■ Assigned task: Your answer must be the lines from the first record through the line that contains "blk = doc.blocks.new('C1K')", copied exactly and without any pictures.

- - -

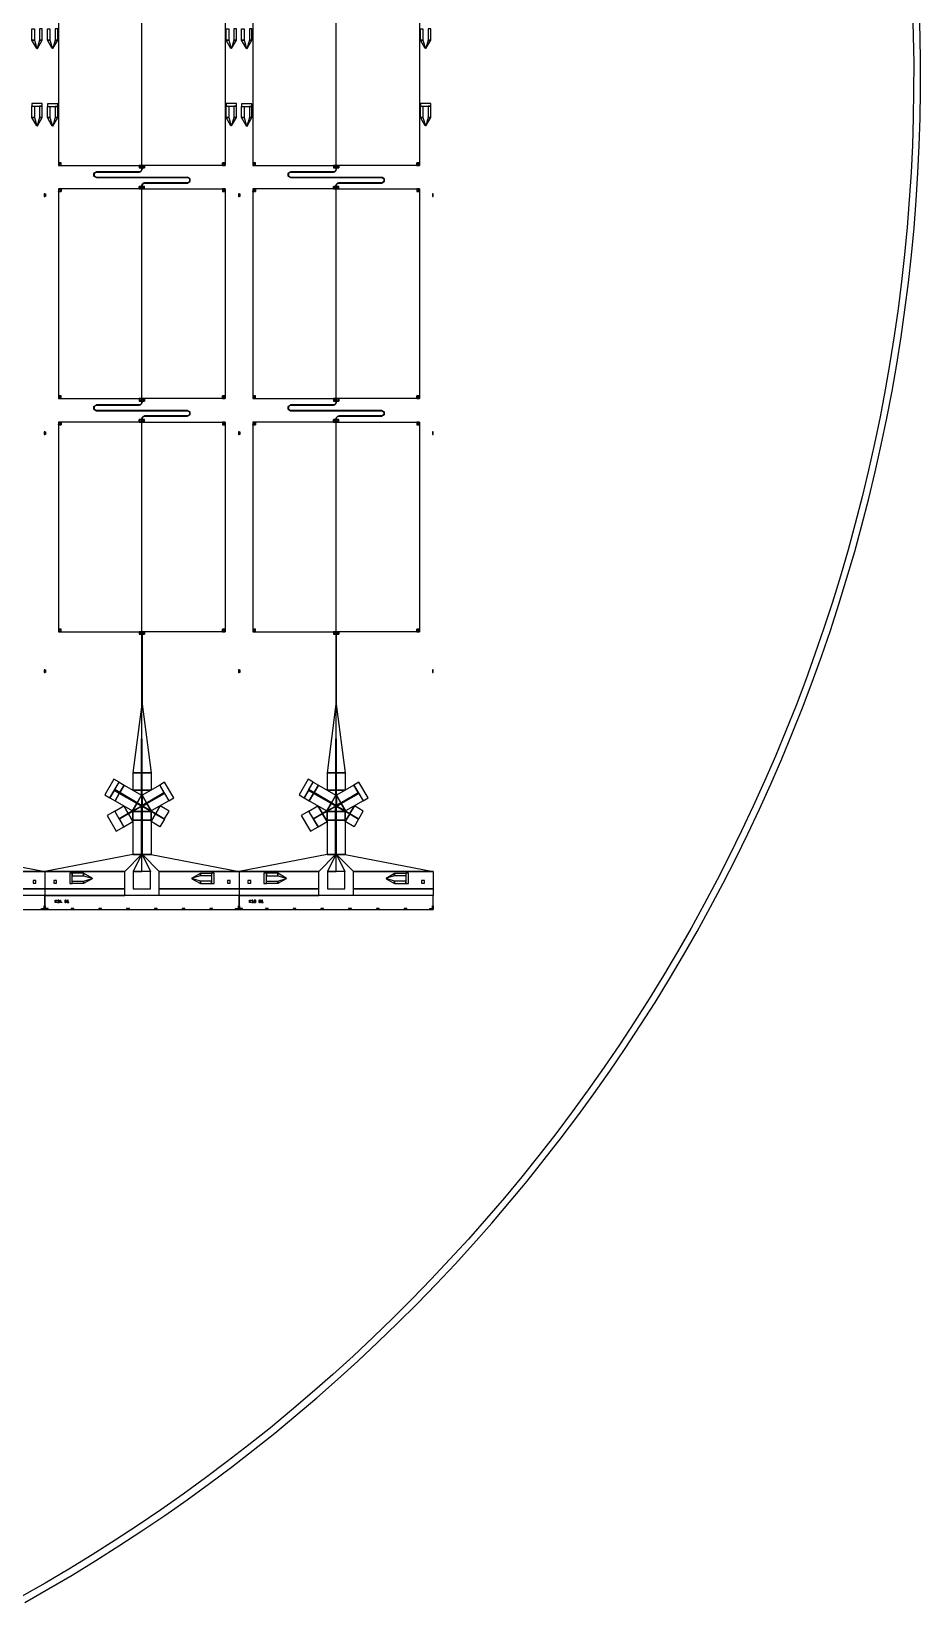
# Model space of a CAD drawing. Extents: x -50899 to 50899, y -48295 to 50898.
# Drawn here: x 25037 to 50899, y -44426 to 1302 of the extents above; entities that cross this region are included whole.
import ezdxf

# ---------------------------------------------------------------- set-up
doc = ezdxf.new("R2010")
doc.units = 0

# ---------------------------------------------------------------- blocks, each defined once
blk = doc.blocks.new('C1K')
for points in [[(5250, 25525), (5250, 25200), (5175, 25200), (5175, 25525), (5250, 25525)], [(5250, 25525), (5250, 25200), (5175, 25200), (5175, 25525), (5250, 25525)], [(5250, 25200), (5320, 24950), (5315, 24950), (5175, 25200), (5250, 25200)], [(5250, 25200), (5320, 24950), (5315, 24950), (5175, 25200), (5250, 25200)], [(5400, 25200), (5330, 24950), (5335, 24950), (5475, 25200), (5400, 25200)], [(5400, 25200), (5330, 24950), (5335, 24950), (5475, 25200), (5400, 25200)], [(5400, 25525), (5400, 25200), (5475, 25200), (5475, 25525), (5400, 25525)], [(5400, 25525), (5400, 25200), (5475, 25200), (5475, 25525), (5400, 25525)], [(5175, 23350), (5175, 23275), (5475, 23275), (5475, 23350), (5175, 23350)], [(5175, 23350), (5175, 23275), (5475, 23275), (5475, 23350), (5175, 23350)], [(5250, 23275), (5250, 22950), (5175, 22950), (5175, 23275), (5250, 23275)], [(5250, 23275), (5250, 22950), (5175, 22950), (5175, 23275), (5250, 23275)], [(5250, 22950), (5320, 22700), (5315, 22700), (5175, 22950), (5250, 22950)], [(5250, 22950), (5320, 22700), (5315, 22700), (5175, 22950), (5250, 22950)], [(5400, 22950), (5330, 22700), (5335, 22700), (5475, 22950), (5400, 22950)], [(5400, 22950), (5330, 22700), (5335, 22700), (5475, 22950), (5400, 22950)], [(5400, 23275), (5400, 22950), (5475, 22950), (5475, 23275), (5400, 23275)], [(5400, 23275), (5400, 22950), (5475, 22950), (5475, 23275), (5400, 23275)], [(5550, 20646), (5550, 20726), (5530, 20726), (5530, 20646), (5550, 20646)], [(5550, 13717), (5550, 13797), (5530, 13797), (5530, 13717), (5550, 13717)], [(5550, 6789), (5550, 6869), (5530, 6869), (5530, 6789), (5550, 6789)], [(3225, 1000), (2740, 1500), (2990, 1500), (5550, 1000), (3225, 1000)], [(3225, 500), (3225, 1000), (5550, 1000), (5550, 500), (3225, 500)], [(3225, 300), (3225, 500), (5550, 500), (5550, 300), (3225, 300)], [(5210, 740), (5210, 660), (5290, 660), (5290, 740), (5210, 740)], [(5550, -100), (5550, 300), (-100, 300), (-100, -100), (5550, -100)], [(5550, -100), (5450, -100), (5450, -80), (5530, -80), (5530, 0), (5550, 0), (5550, -100)]]:
    blk.add_lwpolyline(points)
blk = doc.blocks.new('C1L')
for points in [[(2724, 21553), (2724, 27653), (301, 27653), (301, 21553), (2724, 21553)], [(2726, 21553), (2726, 27653), (5149, 27653), (5149, 21553), (2726, 21553)], [(50, 25525), (50, 25200), (-25, 25200), (-25, 25525), (50, 25525)], [(50, 25525), (50, 25200), (-25, 25200), (-25, 25525), (50, 25525)], [(50, 25200), (120, 24950), (115, 24950), (-25, 25200), (50, 25200)], [(50, 25200), (120, 24950), (115, 24950), (-25, 25200), (50, 25200)], [(200, 25200), (130, 24950), (135, 24950), (275, 25200), (200, 25200)], [(200, 25200), (130, 24950), (135, 24950), (275, 25200), (200, 25200)], [(200, 25525), (200, 25200), (275, 25200), (275, 25525), (200, 25525)], [(200, 25525), (200, 25200), (275, 25200), (275, 25525), (200, 25525)], [(5250, 25525), (5250, 25200), (5175, 25200), (5175, 25525), (5250, 25525)], [(5250, 25525), (5250, 25200), (5175, 25200), (5175, 25525), (5250, 25525)], [(5250, 25200), (5320, 24950), (5315, 24950), (5175, 25200), (5250, 25200)], [(5250, 25200), (5320, 24950), (5315, 24950), (5175, 25200), (5250, 25200)], [(5400, 25200), (5330, 24950), (5335, 24950), (5475, 25200), (5400, 25200)], [(5400, 25200), (5330, 24950), (5335, 24950), (5475, 25200), (5400, 25200)], [(5400, 25525), (5400, 25200), (5475, 25200), (5475, 25525), (5400, 25525)], [(5400, 25525), (5400, 25200), (5475, 25200), (5475, 25525), (5400, 25525)], [(-25, 23345), (-25, 23270), (275, 23270), (275, 23345), (-25, 23345)], [(-25, 23345), (-25, 23270), (275, 23270), (275, 23345), (-25, 23345)], [(5175, 23350), (5175, 23275), (5475, 23275), (5475, 23350), (5175, 23350)], [(5175, 23350), (5175, 23275), (5475, 23275), (5475, 23350), (5175, 23350)], [(50, 23270), (50, 22945), (-25, 22945), (-25, 23270), (50, 23270)], [(50, 23270), (50, 22945), (-25, 22945), (-25, 23270), (50, 23270)], [(50, 22945), (120, 22695), (115, 22695), (-25, 22945), (50, 22945)], [(50, 22945), (120, 22695), (115, 22695), (-25, 22945), (50, 22945)], [(200, 22945), (130, 22695), (135, 22695), (275, 22945), (200, 22945)], [(200, 22945), (130, 22695), (135, 22695), (275, 22945), (200, 22945)], [(200, 23270), (200, 22945), (275, 22945), (275, 23270), (200, 23270)], [(200, 23270), (200, 22945), (275, 22945), (275, 23270), (200, 23270)], [(5250, 23275), (5250, 22950), (5175, 22950), (5175, 23275), (5250, 23275)], [(5250, 23275), (5250, 22950), (5175, 22950), (5175, 23275), (5250, 23275)], [(5250, 22950), (5320, 22700), (5315, 22700), (5175, 22950), (5250, 22950)], [(5250, 22950), (5320, 22700), (5315, 22700), (5175, 22950), (5250, 22950)], [(5400, 22950), (5330, 22700), (5335, 22700), (5475, 22950), (5400, 22950)], [(5400, 22950), (5330, 22700), (5335, 22700), (5475, 22950), (5400, 22950)], [(5400, 23275), (5400, 22950), (5475, 22950), (5475, 23275), (5400, 23275)], [(5400, 23275), (5400, 22950), (5475, 22950), (5475, 23275), (5400, 23275)], [(376, 21553), (376, 21628), (301, 21628), (301, 21553), (376, 21553)], [(301, 21628), (311, 21590), (338, 21563), (376, 21553), (376, 21590), (357, 21595), (344, 21609), (338, 21628), (301, 21628)], [(338, 21628), (344, 21609), (357, 21595), (376, 21590), (376, 21628), (376, 21628), (376, 21628), (376, 21628), (338, 21628)], [(2646, 21553), (2646, 21478), (2720, 21478), (2720, 21553), (2646, 21553)], [(2720, 21478), (2710, 21515), (2683, 21543), (2646, 21553), (2646, 21515), (2664, 21510), (2678, 21496), (2683, 21478), (2720, 21478)], [(2683, 21478), (2678, 21496), (2664, 21510), (2646, 21515), (2646, 21478), (2646, 21478), (2646, 21478), (2646, 21478), (2683, 21478)], [(2724, 21442), (2724, 21553), (2720, 21553), (2720, 21442), (2724, 21442)], [(2726, 21442), (2726, 21553), (2730, 21553), (2730, 21442), (2726, 21442)], [(2730, 21553), (2730, 21478), (2804, 21478), (2804, 21553), (2730, 21553)], [(2730, 21478), (2740, 21515), (2767, 21543), (2804, 21553), (2804, 21515), (2786, 21510), (2772, 21496), (2767, 21478), (2730, 21478)], [(2767, 21478), (2772, 21496), (2786, 21510), (2804, 21515), (2804, 21478), (2804, 21478), (2804, 21478), (2804, 21478), (2767, 21478)], [(5149, 21553), (5149, 21628), (5074, 21628), (5074, 21553), (5149, 21553)], [(5149, 21628), (5139, 21590), (5112, 21563), (5074, 21553), (5074, 21590), (5093, 21595), (5106, 21609), (5112, 21628), (5149, 21628)], [(5112, 21628), (5106, 21609), (5093, 21595), (5074, 21590), (5074, 21628), (5074, 21628), (5074, 21628), (5074, 21628), (5112, 21628)], [(1400, 21197), (1327, 21239), (1327, 21324), (1400, 21366), (1400, 21363), (1329, 21322), (1329, 21241), (1400, 21200), (1400, 21197)], [(1400, 21203), (1332, 21242), (1332, 21321), (1400, 21360), (1400, 21357), (1335, 21319), (1335, 21244), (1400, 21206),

- - -

■ Answer to this problem:
# Model space of a CAD drawing. Extents: x -50899 to 50899, y -48295 to 50898.
# Drawn here: x 25037 to 50899, y -44426 to 1302 of the extents above; entities that cross this region are included whole.
import ezdxf

# ---------------------------------------------------------------- set-up
doc = ezdxf.new("R2010")
doc.units = 0

# ---------------------------------------------------------------- blocks, each defined once
blk = doc.blocks.new('C1K')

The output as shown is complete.